:: Assignment ::
Go over the listing below line by line, and return each one holding the string "mechanical".

☆ ☆ ☆

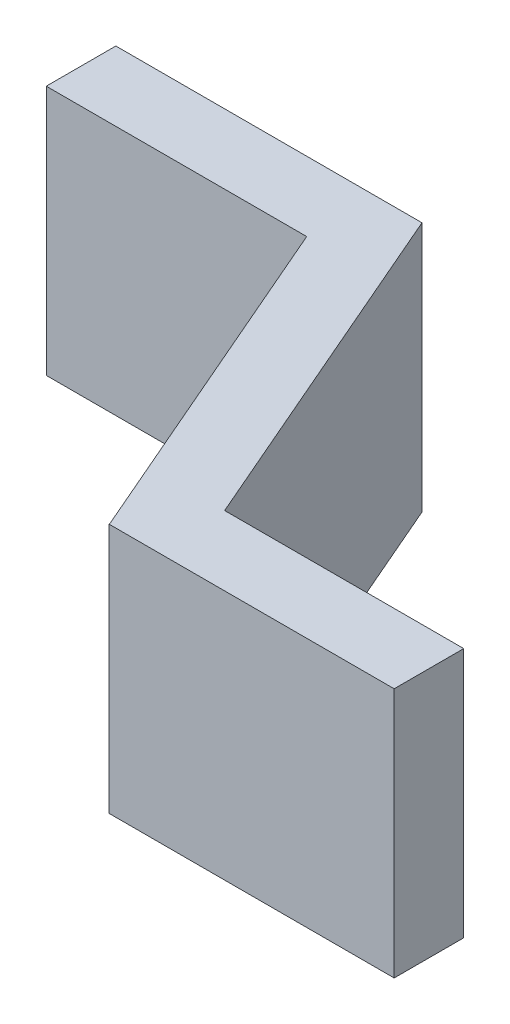
ISO-10303-21;
HEADER;
FILE_DESCRIPTION(('STEP AP214'),'2;1');
FILE_NAME('part.step','',(''),(''),'','','');
FILE_SCHEMA(('AUTOMOTIVE_DESIGN { 1 0 10303 214 1 1 1 1 }'));
ENDSEC;
DATA;
#1=APPLICATION_CONTEXT('core data for automotive mechanical design processes');
#2=APPLICATION_PROTOCOL_DEFINITION('international standard','automotive_design',2000,#1);
#3=PRODUCT_CONTEXT('',#1,'mechanical');
#4=PRODUCT('Part','Part','',(#3));
#5=PRODUCT_RELATED_PRODUCT_CATEGORY('part','',(#4));
#6=PRODUCT_DEFINITION_FORMATION('','',#4);
#7=PRODUCT_DEFINITION_CONTEXT('part definition',#1,'design');
#8=PRODUCT_DEFINITION('design','',#6,#7);
#9=PRODUCT_DEFINITION_SHAPE('','',#8);
#10=(LENGTH_UNIT() NAMED_UNIT(*) SI_UNIT(.MILLI.,.METRE.));
#11=(NAMED_UNIT(*) PLANE_ANGLE_UNIT() SI_UNIT($,.RADIAN.));
#12=(NAMED_UNIT(*) SI_UNIT($,.STERADIAN.) SOLID_ANGLE_UNIT());
#13=UNCERTAINTY_MEASURE_WITH_UNIT(LENGTH_MEASURE(1.E-05),#10,'distance_accuracy_value','');
#14=(GEOMETRIC_REPRESENTATION_CONTEXT(3) GLOBAL_UNCERTAINTY_ASSIGNED_CONTEXT((#13)) GLOBAL_UNIT_ASSIGNED_CONTEXT((#10,
#11,#12)) REPRESENTATION_CONTEXT('',''));
#15=CARTESIAN_POINT('',(0.,0.,0.));
#16=DIRECTION('',(0.,0.,1.));
#17=DIRECTION('',(1.,0.,0.));
#18=AXIS2_PLACEMENT_3D('',#15,#16,#17);
#19=CARTESIAN_POINT('',(0.,2.62,0.));
#20=DIRECTION('',(1.,0.,0.));
#21=DIRECTION('',(0.,0.,-1.));
#22=AXIS2_PLACEMENT_3D('',#19,#20,#21);
#23=PLANE('',#22);
#24=DIRECTION('',(0.,1.,0.));
#25=VECTOR('',#24,1.);
#26=CARTESIAN_POINT('',(0.,2.62,0.));
#27=LINE('',#26,#25);
#28=CARTESIAN_POINT('',(0.,2.980000014305,-1.30339419427667E-10));
#29=VERTEX_POINT('',#28);
#30=CARTESIAN_POINT('',(0.,2.62,-1.556831963824E-10));
#31=VERTEX_POINT('',#30);
#32=EDGE_CURVE('E123',#29,#31,#27,.F.);
#33=ORIENTED_EDGE('',*,*,#32,.T.);
#34=DIRECTION('',(0.,0.,1.));
#35=VECTOR('',#34,1.);
#36=CARTESIAN_POINT('',(0.,2.62,0.));
#37=LINE('',#36,#35);
#38=CARTESIAN_POINT('',(0.,2.62,0.10000000149));
#39=VERTEX_POINT('',#38);
#40=EDGE_CURVE('E115',#31,#39,#37,.T.);
#41=ORIENTED_EDGE('',*,*,#40,.T.);
#42=DIRECTION('',(0.,1.,0.));
#43=VECTOR('',#42,1.);
#44=CARTESIAN_POINT('',(0.,2.62,0.10000000149));
#45=LINE('',#44,#43);
#46=CARTESIAN_POINT('',(0.,2.980000014305,0.10000000149));
#47=VERTEX_POINT('',#46);
#48=EDGE_CURVE('E134',#47,#39,#45,.F.);
#49=ORIENTED_EDGE('',*,*,#48,.F.);
#50=DIRECTION('',(0.,0.,1.));
#51=VECTOR('',#50,1.);
#52=CARTESIAN_POINT('',(0.,2.980000014305,0.));
#53=LINE('',#52,#51);
#54=EDGE_CURVE('E140',#29,#47,#53,.T.);
#55=ORIENTED_EDGE('',*,*,#54,.F.);
#56=EDGE_LOOP('',(#33,#41,#49,#55));
#57=FACE_BOUND('',#56,.T.);
#58=ADVANCED_FACE('F17',(#57),#23,.F.);
#59=CARTESIAN_POINT('',(0.,2.62,0.10000000149));
#60=DIRECTION('',(0.,0.,1.));
#61=DIRECTION('',(1.,0.,0.));
#62=AXIS2_PLACEMENT_3D('',#59,#60,#61);
#63=PLANE('',#62);
#64=DIRECTION('',(0.,1.,0.));
#65=VECTOR('',#64,1.);
#66=CARTESIAN_POINT('',(0.374312226605181,2.62,0.100000001489922));
#67=LINE('',#66,#65);
#68=CARTESIAN_POINT('',(0.37431222660506,2.980000014305,0.100000001489974));
#69=VERTEX_POINT('',#68);
#70=CARTESIAN_POINT('',(0.374312226605091,2.62,0.100000001489974));
#71=VERTEX_POINT('',#70);
#72=EDGE_CURVE('E132',#69,#71,#67,.F.);
#73=ORIENTED_EDGE('',*,*,#72,.F.);
#74=DIRECTION('',(1.,0.,0.));
#75=VECTOR('',#74,1.);
#76=CARTESIAN_POINT('',(0.44,2.980000014305,0.10000000149));
#77=LINE('',#76,#75);
#78=EDGE_CURVE('E137',#47,#69,#77,.T.);
#79=ORIENTED_EDGE('',*,*,#78,.F.);
#80=ORIENTED_EDGE('',*,*,#48,.T.);
#81=DIRECTION('',(1.,0.,0.));
#82=VECTOR('',#81,1.);
#83=CARTESIAN_POINT('',(0.44,2.62,0.10000000149));
#84=LINE('',#83,#82);
#85=EDGE_CURVE('E111',#39,#71,#84,.T.);
#86=ORIENTED_EDGE('',*,*,#85,.T.);
#87=EDGE_LOOP('',(#73,#79,#80,#86));
#88=FACE_BOUND('',#87,.T.);
#89=ADVANCED_FACE('F214',(#88),#63,.T.);
#90=CARTESIAN_POINT('',(0.348224508223,2.62,0.03971472531736));
#91=DIRECTION('',(-0.917754904098641,0.,0.397147247255844));
#92=DIRECTION('',(0.397147247255844,0.,0.917754904098641));
#93=AXIS2_PLACEMENT_3D('',#90,#91,#92);
#94=PLANE('',#93);
#95=DIRECTION('',(0.397147247255413,0.,0.917754904098827));
#96=VECTOR('',#95,1.);
#97=CARTESIAN_POINT('',(0.374312226605,2.62,0.10000000149));
#98=LINE('',#97,#96);
#99=CARTESIAN_POINT('',(0.59,2.62,0.59842599627));
#100=VERTEX_POINT('',#99);
#101=EDGE_CURVE('E110',#71,#100,#98,.T.);
#102=ORIENTED_EDGE('',*,*,#101,.T.);
#103=DIRECTION('',(0.,1.,0.));
#104=VECTOR('',#103,1.);
#105=CARTESIAN_POINT('',(0.59,2.62,0.59842599627));
#106=LINE('',#105,#104);
#107=CARTESIAN_POINT('',(0.59,2.980000014305,0.59842599627));
#108=VERTEX_POINT('',#107);
#109=EDGE_CURVE('E86',#100,#108,#106,.T.);
#110=ORIENTED_EDGE('',*,*,#109,.T.);
#111=DIRECTION('',(0.397147247255413,0.,0.917754904098827));
#112=VECTOR('',#111,1.);
#113=CARTESIAN_POINT('',(0.374312226605,2.980000014305,0.10000000149));
#114=LINE('',#113,#112);
#115=EDGE_CURVE('E139',#69,#108,#114,.T.);
#116=ORIENTED_EDGE('',*,*,#115,.F.);
#117=ORIENTED_EDGE('',*,*,#72,.T.);
#118=EDGE_LOOP('',(#102,#110,#116,#117));
#119=FACE_BOUND('',#118,.T.);
#120=ADVANCED_FACE('F215',(#119),#94,.T.);
#121=CARTESIAN_POINT('',(0.59,2.62,0.5));
#122=DIRECTION('',(1.,0.,0.));
#123=DIRECTION('',(0.,0.,-1.));
#124=AXIS2_PLACEMENT_3D('',#121,#122,#123);
#125=PLANE('',#124);
#126=ORIENTED_EDGE('',*,*,#109,.F.);
#127=DIRECTION('',(0.,0.,-1.));
#128=VECTOR('',#127,1.);
#129=CARTESIAN_POINT('',(0.59,2.62,0.5));
#130=LINE('',#129,#128);
#131=CARTESIAN_POINT('',(0.59,2.62,0.60000000149));
#132=VERTEX_POINT('',#131);
#133=EDGE_CURVE('E20',#100,#132,#130,.F.);
#134=ORIENTED_EDGE('',*,*,#133,.T.);
#135=DIRECTION('',(0.,1.,0.));
#136=VECTOR('',#135,1.);
#137=CARTESIAN_POINT('',(0.59,2.62,0.60000000149));
#138=LINE('',#137,#136);
#139=CARTESIAN_POINT('',(0.59,2.980000014305,0.60000000149));
#140=VERTEX_POINT('',#139);
#141=EDGE_CURVE('E93',#140,#132,#138,.F.);
#142=ORIENTED_EDGE('',*,*,#141,.F.);
#143=DIRECTION('',(0.,0.,1.));
#144=VECTOR('',#143,1.);
#145=CARTESIAN_POINT('',(0.59,2.980000014305,0.));
#146=LINE('',#145,#144);
#147=EDGE_CURVE('E182',#108,#140,#146,.T.);
#148=ORIENTED_EDGE('',*,*,#147,.F.);
#149=EDGE_LOOP('',(#126,#134,#142,#148));
#150=FACE_BOUND('',#149,.T.);
#151=ADVANCED_FACE('F109',(#150),#125,.F.);
#152=CARTESIAN_POINT('',(0.59,2.62,0.60000000149));
#153=DIRECTION('',(0.,0.,1.));
#154=DIRECTION('',(1.,0.,0.));
#155=AXIS2_PLACEMENT_3D('',#152,#153,#154);
#156=PLANE('',#155);
#157=ORIENTED_EDGE('',*,*,#141,.T.);
#158=DIRECTION('',(1.,0.,0.));
#159=VECTOR('',#158,1.);
#160=CARTESIAN_POINT('',(0.44,2.62,0.60000000149));
#161=LINE('',#160,#159);
#162=CARTESIAN_POINT('',(0.999999996424,2.62,0.60000000149));
#163=VERTEX_POINT('',#162);
#164=EDGE_CURVE('E97',#132,#163,#161,.T.);
#165=ORIENTED_EDGE('',*,*,#164,.T.);
#166=DIRECTION('',(0.,1.,0.));
#167=VECTOR('',#166,1.);
#168=CARTESIAN_POINT('',(0.999999996424,2.62,0.60000000149));
#169=LINE('',#168,#167);
#170=CARTESIAN_POINT('',(0.999999996424,2.980000014305,0.60000000149));
#171=VERTEX_POINT('',#170);
#172=EDGE_CURVE('E99',#171,#163,#169,.F.);
#173=ORIENTED_EDGE('',*,*,#172,.F.);
#174=DIRECTION('',(1.,0.,0.));
#175=VECTOR('',#174,1.);
#176=CARTESIAN_POINT('',(0.44,2.980000014305,0.60000000149));
#177=LINE('',#176,#175);
#178=EDGE_CURVE('E98',#140,#171,#177,.T.);
#179=ORIENTED_EDGE('',*,*,#178,.F.);
#180=EDGE_LOOP('',(#157,#165,#173,#179));
#181=FACE_BOUND('',#180,.T.);
#182=ADVANCED_FACE('F95',(#181),#156,.T.);
#183=CARTESIAN_POINT('',(0.999999996424,2.62,0.5));
#184=DIRECTION('',(1.,0.,0.));
#185=DIRECTION('',(0.,0.,-1.));
#186=AXIS2_PLACEMENT_3D('',#183,#184,#185);
#187=PLANE('',#186);
#188=DIRECTION('',(0.,0.,1.));
#189=VECTOR('',#188,1.);
#190=CARTESIAN_POINT('',(0.999999996424,2.62,0.));
#191=LINE('',#190,#189);
#192=CARTESIAN_POINT('',(0.999999996424,2.62,0.5));
#193=VERTEX_POINT('',#192);
#194=EDGE_CURVE('E107',#163,#193,#191,.F.);
#195=ORIENTED_EDGE('',*,*,#194,.T.);
#196=DIRECTION('',(0.,1.,0.));
#197=VECTOR('',#196,1.);
#198=CARTESIAN_POINT('',(0.999999996424,2.62,0.5));
#199=LINE('',#198,#197);
#200=CARTESIAN_POINT('',(0.999999996424,2.980000014305,0.5));
#201=VERTEX_POINT('',#200);
#202=EDGE_CURVE('E192',#193,#201,#199,.T.);
#203=ORIENTED_EDGE('',*,*,#202,.T.);
#204=DIRECTION('',(0.,0.,1.));
#205=VECTOR('',#204,1.);
#206=CARTESIAN_POINT('',(0.999999996424,2.980000014305,0.));
#207=LINE('',#206,#205);
#208=EDGE_CURVE('E126',#171,#201,#207,.F.);
#209=ORIENTED_EDGE('',*,*,#208,.F.);
#210=ORIENTED_EDGE('',*,*,#172,.T.);
#211=EDGE_LOOP('',(#195,#203,#209,#210));
#212=FACE_BOUND('',#211,.T.);
#213=ADVANCED_FACE('F238',(#212),#187,.T.);
#214=CARTESIAN_POINT('',(0.,2.62,0.));
#215=DIRECTION('',(0.,0.,1.));
#216=DIRECTION('',(1.,0.,0.));
#217=AXIS2_PLACEMENT_3D('',#214,#215,#216);
#218=PLANE('',#217);
#219=DIRECTION('',(1.,0.,0.));
#220=VECTOR('',#219,1.);
#221=CARTESIAN_POINT('',(0.44,2.62,-2.335247945736E-10));
#222=LINE('',#221,#220);
#223=CARTESIAN_POINT('',(0.439999999656335,2.62,-3.43069646239979E-10));
#224=VERTEX_POINT('',#223);
#225=EDGE_CURVE('E155',#224,#31,#222,.F.);
#226=ORIENTED_EDGE('',*,*,#225,.T.);
#227=ORIENTED_EDGE('',*,*,#32,.F.);
#228=DIRECTION('',(1.,0.,0.));
#229=VECTOR('',#228,1.);
#230=CARTESIAN_POINT('',(0.44,2.980000014305,-1.955091291415E-10));
#231=LINE('',#230,#229);
#232=CARTESIAN_POINT('',(0.439999999458534,2.980000014305,-1.955091291415E-10));
#233=VERTEX_POINT('',#232);
#234=EDGE_CURVE('E147',#233,#29,#231,.F.);
#235=ORIENTED_EDGE('',*,*,#234,.F.);
#236=DIRECTION('',(0.,1.,0.));
#237=VECTOR('',#236,1.);
#238=CARTESIAN_POINT('',(0.439999999804137,2.62,-4.52614497906357E-10));
#239=LINE('',#238,#237);
#240=EDGE_CURVE('E128',#233,#224,#239,.F.);
#241=ORIENTED_EDGE('',*,*,#240,.T.);
#242=EDGE_LOOP('',(#226,#227,#235,#241));
#243=FACE_BOUND('',#242,.T.);
#244=ADVANCED_FACE('F235',(#243),#218,.F.);
#245=CARTESIAN_POINT('',(0.44,2.62,0.));
#246=DIRECTION('',(0.,1.,0.));
#247=DIRECTION('',(0.,0.,1.));
#248=AXIS2_PLACEMENT_3D('',#245,#246,#247);
#249=PLANE('',#248);
#250=DIRECTION('',(1.,0.,0.));
#251=VECTOR('',#250,1.);
#252=CARTESIAN_POINT('',(0.59,2.62,0.5));
#253=LINE('',#252,#251);
#254=CARTESIAN_POINT('',(0.656368904967001,2.62,0.499999999999999));
#255=VERTEX_POINT('',#254);
#256=EDGE_CURVE('E166',#255,#193,#253,.T.);
#257=ORIENTED_EDGE('',*,*,#256,.T.);
#258=ORIENTED_EDGE('',*,*,#194,.F.);
#259=ORIENTED_EDGE('',*,*,#164,.F.);
#260=ORIENTED_EDGE('',*,*,#133,.F.);
#261=ORIENTED_EDGE('',*,*,#101,.F.);
#262=ORIENTED_EDGE('',*,*,#85,.F.);
#263=ORIENTED_EDGE('',*,*,#40,.F.);
#264=ORIENTED_EDGE('',*,*,#225,.F.);
#265=DIRECTION('',(0.397147247255844,0.,0.917754904098641));
#266=VECTOR('',#265,1.);
#267=CARTESIAN_POINT('',(0.44,2.62,0.));
#268=LINE('',#267,#266);
#269=EDGE_CURVE('E160',#224,#255,#268,.T.);
#270=ORIENTED_EDGE('',*,*,#269,.T.);
#271=EDGE_LOOP('',(#257,#258,#259,#260,#261,#262,#263,#264,#270));
#272=FACE_BOUND('',#271,.T.);
#273=ADVANCED_FACE('F104',(#272),#249,.F.);
#274=CARTESIAN_POINT('',(0.59,2.62,0.5));
#275=DIRECTION('',(0.,0.,1.));
#276=DIRECTION('',(1.,0.,0.));
#277=AXIS2_PLACEMENT_3D('',#274,#275,#276);
#278=PLANE('',#277);
#279=ORIENTED_EDGE('',*,*,#256,.F.);
#280=DIRECTION('',(0.,1.,0.));
#281=VECTOR('',#280,1.);
#282=CARTESIAN_POINT('',(0.656368904967005,2.62,0.499999999999998));
#283=LINE('',#282,#281);
#284=CARTESIAN_POINT('',(0.656368904967001,2.980000014305,0.499999999999999));
#285=VERTEX_POINT('',#284);
#286=EDGE_CURVE('E26',#255,#285,#283,.T.);
#287=ORIENTED_EDGE('',*,*,#286,.T.);
#288=DIRECTION('',(1.,0.,0.));
#289=VECTOR('',#288,1.);
#290=CARTESIAN_POINT('',(0.44,2.980000014305,0.5));
#291=LINE('',#290,#289);
#292=EDGE_CURVE('E34',#201,#285,#291,.F.);
#293=ORIENTED_EDGE('',*,*,#292,.F.);
#294=ORIENTED_EDGE('',*,*,#202,.F.);
#295=EDGE_LOOP('',(#279,#287,#293,#294));
#296=FACE_BOUND('',#295,.T.);
#297=ADVANCED_FACE('F199',(#296),#278,.F.);
#298=CARTESIAN_POINT('',(0.44,2.980000014305,0.));
#299=DIRECTION('',(0.,1.,0.));
#300=DIRECTION('',(0.,0.,1.));
#301=AXIS2_PLACEMENT_3D('',#298,#299,#300);
#302=PLANE('',#301);
#303=ORIENTED_EDGE('',*,*,#178,.T.);
#304=ORIENTED_EDGE('',*,*,#208,.T.);
#305=ORIENTED_EDGE('',*,*,#292,.T.);
#306=DIRECTION('',(0.397147247255844,0.,0.917754904098641));
#307=VECTOR('',#306,1.);
#308=CARTESIAN_POINT('',(0.44,2.980000014305,0.));
#309=LINE('',#308,#307);
#310=EDGE_CURVE('E11',#285,#233,#309,.F.);
#311=ORIENTED_EDGE('',*,*,#310,.T.);
#312=ORIENTED_EDGE('',*,*,#234,.T.);
#313=ORIENTED_EDGE('',*,*,#54,.T.);
#314=ORIENTED_EDGE('',*,*,#78,.T.);
#315=ORIENTED_EDGE('',*,*,#115,.T.);
#316=ORIENTED_EDGE('',*,*,#147,.T.);
#317=EDGE_LOOP('',(#303,#304,#305,#311,#312,#313,#314,#315,#316));
#318=FACE_BOUND('',#317,.T.);
#319=ADVANCED_FACE('F204',(#318),#302,.T.);
#320=CARTESIAN_POINT('',(0.44,2.62,0.));
#321=DIRECTION('',(-0.917754904098641,0.,0.397147247255844));
#322=DIRECTION('',(0.397147247255844,0.,0.917754904098641));
#323=AXIS2_PLACEMENT_3D('',#320,#321,#322);
#324=PLANE('',#323);
#325=ORIENTED_EDGE('',*,*,#286,.F.);
#326=ORIENTED_EDGE('',*,*,#269,.F.);
#327=ORIENTED_EDGE('',*,*,#240,.F.);
#328=ORIENTED_EDGE('',*,*,#310,.F.);
#329=EDGE_LOOP('',(#325,#326,#327,#328));
#330=FACE_BOUND('',#329,.T.);
#331=ADVANCED_FACE('F201',(#330),#324,.F.);
#332=CLOSED_SHELL('',(#58,#89,#120,#151,#182,#213,#244,#273,#297,#319,#331));
#333=MANIFOLD_SOLID_BREP('B1',#332);
#334=ADVANCED_BREP_SHAPE_REPRESENTATION('',(#18,#333),#14);
#335=SHAPE_DEFINITION_REPRESENTATION(#9,#334);
ENDSEC;
END-ISO-10303-21;

☆ ☆ ☆

:: Your solution ::
#1=APPLICATION_CONTEXT('core data for automotive mechanical design processes');
#3=PRODUCT_CONTEXT('',#1,'mechanical');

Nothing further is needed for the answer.